The goal of phishing, like almost any other cyberattack, is to gain financial gain.By obtaining a user's login credentials through a phishing site, a cybercriminal canIf it's a malicious copy of the website of a financial institution — a bank or a company like PayPal, the hackerget direct access to the money of the deceived person.

Received fraudulently login and password forLogging in to the website of the transport company, for example, UPS or FedEx, of course, will not bring immediate profits. Instead, the attacker may try to use the details to gain access to other accounts with more valuable information - including, try to crack the victim's e-mail. It is well known that people often set the same password to log into different services. Another way of income for cybercriminals is to sell stolen personal data on a darknet.

This is the so-called “pointless attack” mechanism. There are many outdated WordPress sites on the Internet. They can be hacked for a low cost and used for phishing campaigns. The average cost of deploying phishing tools is $ 26.

How to protect yourself

There is usually a gap between a successful phishing attack and the fact that the stolen credentials are being used by cybercriminalsThe sooner the threat is eliminated, the more potential victims we will be able to protect.If the username and password have already been stolen, the user only needs to change them, and as quickly as possible.

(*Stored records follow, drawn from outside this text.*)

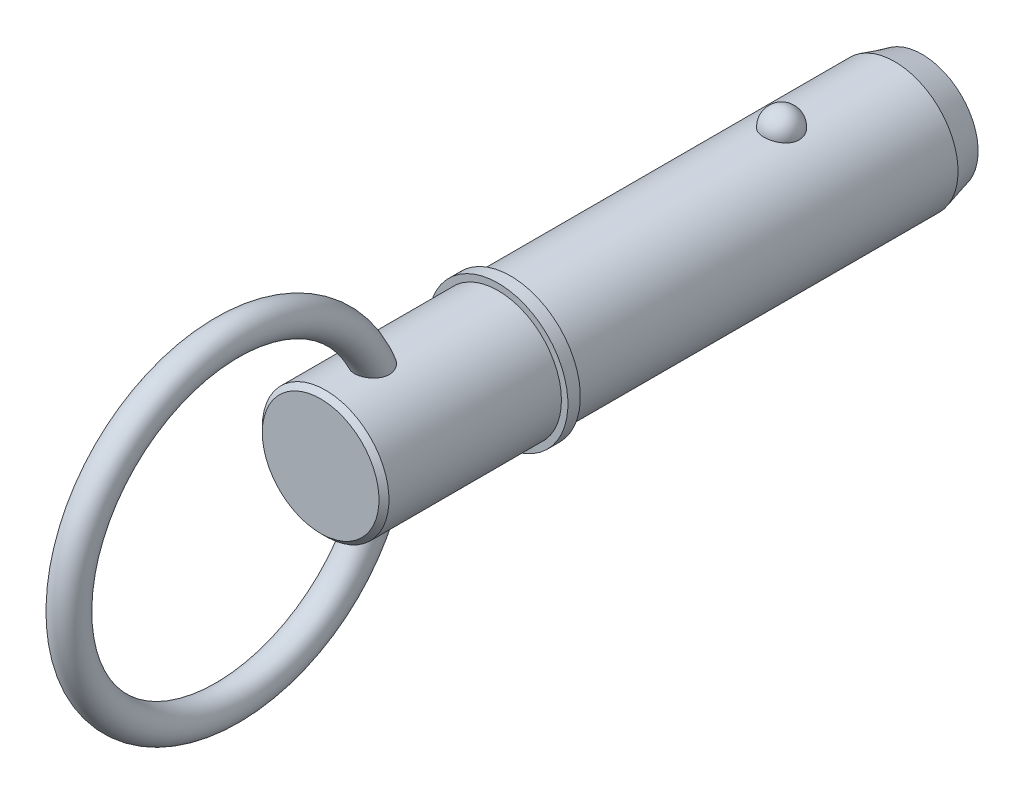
ISO-10303-21;
HEADER;
FILE_DESCRIPTION(('STEP AP214'),'2;1');
FILE_NAME('part.step','',(''),(''),'','','');
FILE_SCHEMA(('AUTOMOTIVE_DESIGN { 1 0 10303 214 1 1 1 1 }'));
ENDSEC;
DATA;
#1=APPLICATION_CONTEXT('core data for automotive mechanical design processes');
#2=APPLICATION_PROTOCOL_DEFINITION('international standard','automotive_design',2000,#1);
#3=PRODUCT_CONTEXT('',#1,'mechanical');
#4=PRODUCT('Part','Part','',(#3));
#5=PRODUCT_RELATED_PRODUCT_CATEGORY('part','',(#4));
#6=PRODUCT_DEFINITION_FORMATION('','',#4);
#7=PRODUCT_DEFINITION_CONTEXT('part definition',#1,'design');
#8=PRODUCT_DEFINITION('design','',#6,#7);
#9=PRODUCT_DEFINITION_SHAPE('','',#8);
#10=(LENGTH_UNIT() NAMED_UNIT(*) SI_UNIT(.MILLI.,.METRE.));
#11=(NAMED_UNIT(*) PLANE_ANGLE_UNIT() SI_UNIT($,.RADIAN.));
#12=(NAMED_UNIT(*) SI_UNIT($,.STERADIAN.) SOLID_ANGLE_UNIT());
#13=UNCERTAINTY_MEASURE_WITH_UNIT(LENGTH_MEASURE(1.E-05),#10,'distance_accuracy_value','');
#14=(GEOMETRIC_REPRESENTATION_CONTEXT(3) GLOBAL_UNCERTAINTY_ASSIGNED_CONTEXT((#13)) GLOBAL_UNIT_ASSIGNED_CONTEXT((#10,
#11,#12)) REPRESENTATION_CONTEXT('',''));
#15=CARTESIAN_POINT('',(0.,0.,0.));
#16=DIRECTION('',(0.,0.,1.));
#17=DIRECTION('',(1.,0.,0.));
#18=AXIS2_PLACEMENT_3D('',#15,#16,#17);
#19=CARTESIAN_POINT('',(0.,0.,50.8));
#20=DIRECTION('',(0.,0.,-1.));
#21=DIRECTION('',(-1.,0.,0.));
#22=AXIS2_PLACEMENT_3D('',#19,#20,#21);
#23=CYLINDRICAL_SURFACE('',#22,12.7);
#24=CARTESIAN_POINT('',(3.52486003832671,12.2010393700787,-3.56));
#25=CARTESIAN_POINT('',(3.52485671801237,12.2010422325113,-3.3610062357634));
#26=CARTESIAN_POINT('',(3.50863187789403,12.2057632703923,-3.16197042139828));
#27=CARTESIAN_POINT('',(3.4441205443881,12.2241207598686,-2.76953945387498));
#28=CARTESIAN_POINT('',(3.39582213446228,12.2377605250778,-2.57614642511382));
#29=CARTESIAN_POINT('',(3.26839193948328,12.2724057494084,-2.20059799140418));
#30=CARTESIAN_POINT('',(3.18927369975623,12.2934079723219,-2.01843769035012));
#31=CARTESIAN_POINT('',(3.00217139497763,12.3404306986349,-1.6703228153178));
#32=CARTESIAN_POINT('',(2.89418796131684,12.3664510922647,-1.50436788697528));
#33=CARTESIAN_POINT('',(2.65144862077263,12.4207616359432,-1.19241975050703));
#34=CARTESIAN_POINT('',(2.51656310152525,12.4490623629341,-1.04652919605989));
#35=CARTESIAN_POINT('',(2.22383249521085,12.5046678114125,-0.779711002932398));
#36=CARTESIAN_POINT('',(2.0659873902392,12.5319725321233,-0.658783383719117));
#37=CARTESIAN_POINT('',(1.73204520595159,12.5824645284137,-0.445586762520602));
#38=CARTESIAN_POINT('',(1.55600183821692,12.6056634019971,-0.353236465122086));
#39=CARTESIAN_POINT('',(1.19021695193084,12.6454411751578,-0.199381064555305));
#40=CARTESIAN_POINT('',(1.00047694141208,12.6620208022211,-0.137872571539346));
#41=CARTESIAN_POINT('',(0.616329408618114,12.6864692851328,-0.0483191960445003));
#42=CARTESIAN_POINT('',(0.422067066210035,12.6944893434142,-0.0196927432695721));
#43=CARTESIAN_POINT('',(0.0313259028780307,12.7014637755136,0.00524116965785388));
#44=CARTESIAN_POINT('',(-0.165152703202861,12.7004190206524,0.00155173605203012));
#45=CARTESIAN_POINT('',(-0.551780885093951,12.6894611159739,-0.0377454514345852));
#46=CARTESIAN_POINT('',(-0.74198078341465,12.6796749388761,-0.0728962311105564));
#47=CARTESIAN_POINT('',(-1.11361063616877,12.6524544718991,-0.173489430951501));
#48=CARTESIAN_POINT('',(-1.29504043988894,12.6350200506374,-0.238932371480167));
#49=CARTESIAN_POINT('',(-1.64521311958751,12.5942270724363,-0.398772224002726));
#50=CARTESIAN_POINT('',(-1.81387645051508,12.5708347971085,-0.493334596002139));
#51=CARTESIAN_POINT('',(-2.13292959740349,12.5206522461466,-0.708731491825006));
#52=CARTESIAN_POINT('',(-2.28331755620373,12.4938616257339,-0.829568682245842));
#53=CARTESIAN_POINT('',(-2.56470285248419,12.4391828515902,-1.0968714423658));
#54=CARTESIAN_POINT('',(-2.69527522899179,12.4112835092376,-1.24378221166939));
#55=CARTESIAN_POINT('',(-2.93023079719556,12.3579248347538,-1.55763192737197));
#56=CARTESIAN_POINT('',(-3.03461212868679,12.3324656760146,-1.72457229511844));
#57=CARTESIAN_POINT('',(-3.21564423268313,12.2865167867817,-2.07598316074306));
#58=CARTESIAN_POINT('',(-3.29196222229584,12.2660875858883,-2.26063321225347));
#59=CARTESIAN_POINT('',(-3.41323771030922,12.2328979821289,-2.64061334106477));
#60=CARTESIAN_POINT('',(-3.45819611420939,12.2201373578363,-2.83594310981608));
#61=CARTESIAN_POINT('',(-3.51550038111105,12.2037762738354,-3.2308649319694));
#62=CARTESIAN_POINT('',(-3.5279827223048,12.200137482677,-3.43043558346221));
#63=CARTESIAN_POINT('',(-3.52041430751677,12.2023234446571,-3.8289025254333));
#64=CARTESIAN_POINT('',(-3.50036443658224,12.2081479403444,-4.02779883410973));
#65=CARTESIAN_POINT('',(-3.42842010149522,12.2285446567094,-4.41824213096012));
#66=CARTESIAN_POINT('',(-3.37668525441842,12.243073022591,-4.6098208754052));
#67=CARTESIAN_POINT('',(-3.24279085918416,12.2792134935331,-4.98132360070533));
#68=CARTESIAN_POINT('',(-3.16063009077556,12.300825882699,-5.16124711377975));
#69=CARTESIAN_POINT('',(-2.96738224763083,12.3488691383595,-5.50542856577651));
#70=CARTESIAN_POINT('',(-2.85613997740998,12.3753256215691,-5.66959579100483));
#71=CARTESIAN_POINT('',(-2.60773241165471,12.4300386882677,-5.97665065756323));
#72=CARTESIAN_POINT('',(-2.47056612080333,12.458295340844,-6.11953748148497));
#73=CARTESIAN_POINT('',(-2.17327999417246,12.5135827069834,-6.38059312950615));
#74=CARTESIAN_POINT('',(-2.01307652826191,12.5406084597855,-6.49866785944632));
#75=CARTESIAN_POINT('',(-1.67442544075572,12.5902954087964,-6.70609314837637));
#76=CARTESIAN_POINT('',(-1.49597909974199,12.6129569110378,-6.79544572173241));
#77=CARTESIAN_POINT('',(-1.12819666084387,12.6511224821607,-6.94192787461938));
#78=CARTESIAN_POINT('',(-0.93902400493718,12.666712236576,-6.99944518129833));
#79=CARTESIAN_POINT('',(-0.553267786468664,12.6894125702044,-7.08227444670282));
#80=CARTESIAN_POINT('',(-0.356685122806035,12.6965241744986,-7.10759029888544));
#81=CARTESIAN_POINT('',(0.0343320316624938,12.7014305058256,-7.12510946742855));
#82=CARTESIAN_POINT('',(0.228736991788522,12.6993986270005,-7.11792901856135));
#83=CARTESIAN_POINT('',(0.613493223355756,12.6866339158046,-7.07206766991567));
#84=CARTESIAN_POINT('',(0.803844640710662,12.6759013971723,-7.03338790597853));
#85=CARTESIAN_POINT('',(1.17440741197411,12.6469443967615,-6.925834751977));
#86=CARTESIAN_POINT('',(1.35465462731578,12.6287486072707,-6.85707692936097));
#87=CARTESIAN_POINT('',(1.70092526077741,12.5867908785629,-6.69128257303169));
#88=CARTESIAN_POINT('',(1.86694777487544,12.5630285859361,-6.59424424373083));
#89=CARTESIAN_POINT('',(2.18289085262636,12.5120350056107,-6.3727748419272));
#90=CARTESIAN_POINT('',(2.33252391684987,12.4847559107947,-6.24794475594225));
#91=CARTESIAN_POINT('',(2.60889724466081,12.4299457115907,-5.97511730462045));
#92=CARTESIAN_POINT('',(2.73563353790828,12.4024145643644,-5.82711592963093));
#93=CARTESIAN_POINT('',(2.96505559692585,12.3495984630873,-5.5091226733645));
#94=CARTESIAN_POINT('',(3.06728335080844,12.3243610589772,-5.33879227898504));
#95=CARTESIAN_POINT('',(3.24218794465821,12.2795120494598,-4.98295005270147));
#96=CARTESIAN_POINT('',(3.31487538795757,12.2598984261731,-4.79744369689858));
#97=CARTESIAN_POINT('',(3.42255689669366,12.2302435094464,-4.43775244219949));
#98=CARTESIAN_POINT('',(3.46085292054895,12.2193780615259,-4.264615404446));
#99=CARTESIAN_POINT('',(3.5120056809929,12.2047747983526,-3.9143299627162));
#100=CARTESIAN_POINT('',(3.52486299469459,12.2010368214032,-3.73718164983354));
#101=CARTESIAN_POINT('',(3.52486003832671,12.2010393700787,-3.56));
#102=B_SPLINE_CURVE_WITH_KNOTS('',3,(#24,#25,#26,#27,#28,#29,#30,#31,#32,#33,#34,#35,#36,#37,
#38,#39,#40,#41,#42,#43,#44,#45,#46,#47,#48,#49,#50,#51,#52,#53,#54,#55,#56,#57,#58,#59,#60,#61,
#62,#63,#64,#65,#66,#67,#68,#69,#70,#71,#72,#73,#74,#75,#76,#77,#78,#79,#80,#81,#82,#83,#84,#85,
#86,#87,#88,#89,#90,#91,#92,#93,#94,#95,#96,#97,#98,#99,#100,#101),.UNSPECIFIED.,.T.,.F.,(4,2,2,
2,2,2,2,2,2,2,2,2,2,2,2,2,2,2,2,2,2,2,2,2,2,2,2,2,2,2,2,2,2,2,2,2,2,2,4),(0.,0.596344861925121,
1.19291141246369,1.78921606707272,2.38550767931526,2.98474477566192,3.58398233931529,
4.18149920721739,4.77895038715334,5.36566361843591,5.95232045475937,6.53059198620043,
7.10887345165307,7.6905033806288,8.27219236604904,8.86498552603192,9.45782077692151,
10.0574751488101,10.6571122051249,11.2542252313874,11.8513220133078,12.4454353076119,
13.0395724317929,13.636947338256,14.2343451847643,14.8339691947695,15.4335511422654,
16.0256602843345,16.6176978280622,17.1985559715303,17.7793931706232,18.3580179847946,
18.9366795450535,19.5242567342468,20.1119357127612,20.7098642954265,21.3075780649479,
21.8385683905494,22.3695466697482),.UNSPECIFIED.);
#103=CARTESIAN_POINT('',(3.52486003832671,12.2010393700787,-3.56));
#104=VERTEX_POINT('',#103);
#105=EDGE_CURVE('E102',#104,#104,#102,.T.);
#106=ORIENTED_EDGE('',*,*,#105,.T.);
#107=EDGE_LOOP('',(#106));
#108=FACE_BOUND('',#107,.T.);
#109=CARTESIAN_POINT('',(0.,0.,-26.2499999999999));
#110=DIRECTION('',(0.,0.,-1.));
#111=DIRECTION('',(-1.,0.,0.));
#112=AXIS2_PLACEMENT_3D('',#109,#110,#111);
#113=CIRCLE('',#112,12.7);
#114=CARTESIAN_POINT('',(-12.7,0.,-26.2499999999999));
#115=VERTEX_POINT('',#114);
#116=EDGE_CURVE('E110',#115,#115,#113,.F.);
#117=ORIENTED_EDGE('',*,*,#116,.T.);
#118=EDGE_LOOP('',(#117));
#119=FACE_BOUND('',#118,.T.);
#120=CARTESIAN_POINT('',(0.,0.,50.8));
#121=DIRECTION('',(0.,0.,1.));
#122=DIRECTION('',(1.,0.,0.));
#123=AXIS2_PLACEMENT_3D('',#120,#121,#122);
#124=CIRCLE('',#123,12.7);
#125=CARTESIAN_POINT('',(12.7,0.,50.8));
#126=VERTEX_POINT('',#125);
#127=EDGE_CURVE('E108',#126,#126,#124,.T.);
#128=ORIENTED_EDGE('',*,*,#127,.F.);
#129=EDGE_LOOP('',(#128));
#130=FACE_BOUND('',#129,.T.);
#131=ADVANCED_FACE('F39',(#108,#119,#130),#23,.T.);
#132=CARTESIAN_POINT('',(0.,0.,-31.75));
#133=DIRECTION('',(0.,0.,-1.));
#134=DIRECTION('',(-1.,0.,0.));
#135=AXIS2_PLACEMENT_3D('',#132,#133,#134);
#136=PLANE('',#135);
#137=CARTESIAN_POINT('',(0.,0.,-31.75));
#138=DIRECTION('',(0.,0.,-1.));
#139=DIRECTION('',(-1.,0.,0.));
#140=AXIS2_PLACEMENT_3D('',#137,#138,#139);
#141=CIRCLE('',#140,11.2262794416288);
#142=CARTESIAN_POINT('',(-11.2262794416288,0.,-31.75));
#143=VERTEX_POINT('',#142);
#144=EDGE_CURVE('E142',#143,#143,#141,.T.);
#145=ORIENTED_EDGE('',*,*,#144,.T.);
#146=EDGE_LOOP('',(#145));
#147=FACE_BOUND('',#146,.T.);
#148=ADVANCED_FACE('F88',(#147),#136,.T.);
#149=CARTESIAN_POINT('',(0.,0.,-31.75));
#150=DIRECTION('',(0.,0.,1.));
#151=DIRECTION('',(1.,0.,0.));
#152=AXIS2_PLACEMENT_3D('',#149,#150,#151);
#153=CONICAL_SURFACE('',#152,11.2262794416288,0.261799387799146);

How to protect yourself from one of the most successful cyber attack technologies - phishing:

  • First of all, install antivirus on all your devices - PC, Mac, smartphones and tablets. Antivirus software is a safety net that protects network users.
  • Do not follow links in suspiciousemails and do not download files attached to them. Do not respond to such a letter, even if, at first glance, it came from a person or organization that you trust. Instead, contact the addressee on a different communication channel to confirm that the message actually came from this source.
  • Try to enter the address of the site in the browser in all cases - this will protect you from accidentally switching to the version created by scammers.
  • HTTPS is not a “green lock”security guarantee. This icon only indicates that the connection is protected by encryption. The site on which you are located may be fake. Cybercriminals implement encryption on phishing sites to deceive users, so it is especially important to check and verify the authenticity of the resource that you use.

In 2018, Avast investigated malicious emails from compromised MailChimp accounts, sex phishing, and fraudulent campaigns related to the implementation of the GDPR regulation.In the future, according to experts, the volume of phishing attacks will grow, and there will be new ways to disguise the actions of attackers aimed at stealing confidential user data.